Doom Classic

2019-2020

I worked on the Doom 1 and Doom 2 source ports to consoles and mobile, mostly on Nintendo Switch specific issues. The ports were built on top of Unity, which was an immense help in getting everything running on all platforms simultaneously, and definitely saved time when it came down to implementing and handling everything required to ship a console game.

Unlike most Unity titles, however, none of the game logic or even the rasterization is handled in Unity. The Doom engine itself is entirely deployed as a dynamic library, exposing an interface that which all aspects of I/O (video, audio, input, filesystem, and network). Unity is responsible for feeding in all the inputs, and receives back a buffer containing the on-screen contents that is then blitted to a Unity canvas.
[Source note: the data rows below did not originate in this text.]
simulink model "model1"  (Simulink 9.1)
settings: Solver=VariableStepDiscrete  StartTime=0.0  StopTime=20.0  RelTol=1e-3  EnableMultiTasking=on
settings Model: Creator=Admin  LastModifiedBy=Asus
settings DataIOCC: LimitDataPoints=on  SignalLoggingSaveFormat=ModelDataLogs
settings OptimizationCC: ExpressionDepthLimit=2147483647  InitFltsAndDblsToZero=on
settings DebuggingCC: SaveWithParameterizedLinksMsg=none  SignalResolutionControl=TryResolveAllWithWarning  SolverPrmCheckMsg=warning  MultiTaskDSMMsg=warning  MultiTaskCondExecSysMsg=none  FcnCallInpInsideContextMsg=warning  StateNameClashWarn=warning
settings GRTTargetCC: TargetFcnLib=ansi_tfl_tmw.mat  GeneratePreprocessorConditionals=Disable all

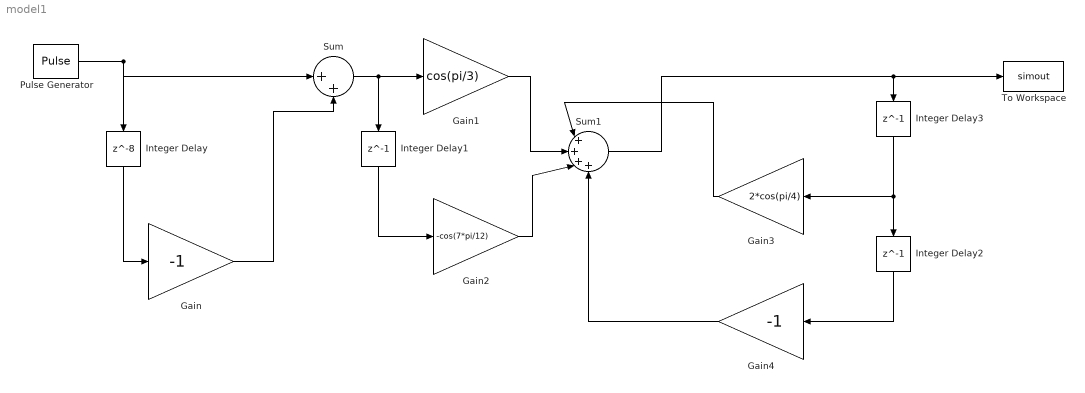
== system model1 ==
  Gain : Gain  Gain=-1
  Gain1 : Gain  Gain=cos(pi/3)
  Gain2 : Gain  Gain=-cos(7*pi/12)
  Gain3 : Gain  Gain=2*cos(pi/4)
  Gain4 : Gain  Gain=-1
  Integer Delay : Delay  DelayLength=8  InputProcessing=Inherited
  Integer Delay1 : Delay  DelayLength=1  InputProcessing=Inherited
  Integer Delay2 : Delay  DelayLength=1  InputProcessing=Inherited
  Integer Delay3 : Delay  DelayLength=1  InputProcessing=Inherited
  Pulse Generator : DiscretePulseGenerator  Period=100
  Sum : Sum  Inputs=|++
  Sum1 : Sum  Inputs=|++++
  To Workspace : ToWorkspace  VariableName=simout  SampleTime=-1
  wires:
  Integer Delay/1 -> Gain/1
  Sum/1 -> Gain1/1, Integer Delay1/1
  Pulse Generator/1 -> Integer Delay/1, Sum/1
  Gain/1 -> Sum/2
  Gain1/1 -> Sum1/2
  Integer Delay1/1 -> Gain2/1
  Gain2/1 -> Sum1/3
  Gain3/1 -> Sum1/1
  Gain4/1 -> Sum1/4
  Integer Delay2/1 -> Gain4/1
  Integer Delay3/1 -> Gain3/1, Integer Delay2/1
  Sum1/1 -> Integer Delay3/1, To Workspace/1

This means that the port looks and runs exactly like the original games did, albeit at a higher internal resolution. Handling all the different types of inputs and types of controllers becomes a lot simpler, and UI can use Unity's UI system across the whole app, instead of either trying to cram everything into the original game's UI system, or developing one on top of that.

Split screen is handled by faking a multiplayer match. Since the engine has been modified to allow multiple global states to be instantiated and swapped out at will, the engine can run as many clients as the hardware can handle, driving all of them separately. Networking is handled by just passing packet contents around through a buffer in memory.

Since release, I've been able to work on fixing both legacy engine issues, and issues that have popped up in our ports in the past, from rendering to gameplay. We've also begun to expand the engine past original limits, and allow users to play curated community levels across all platforms.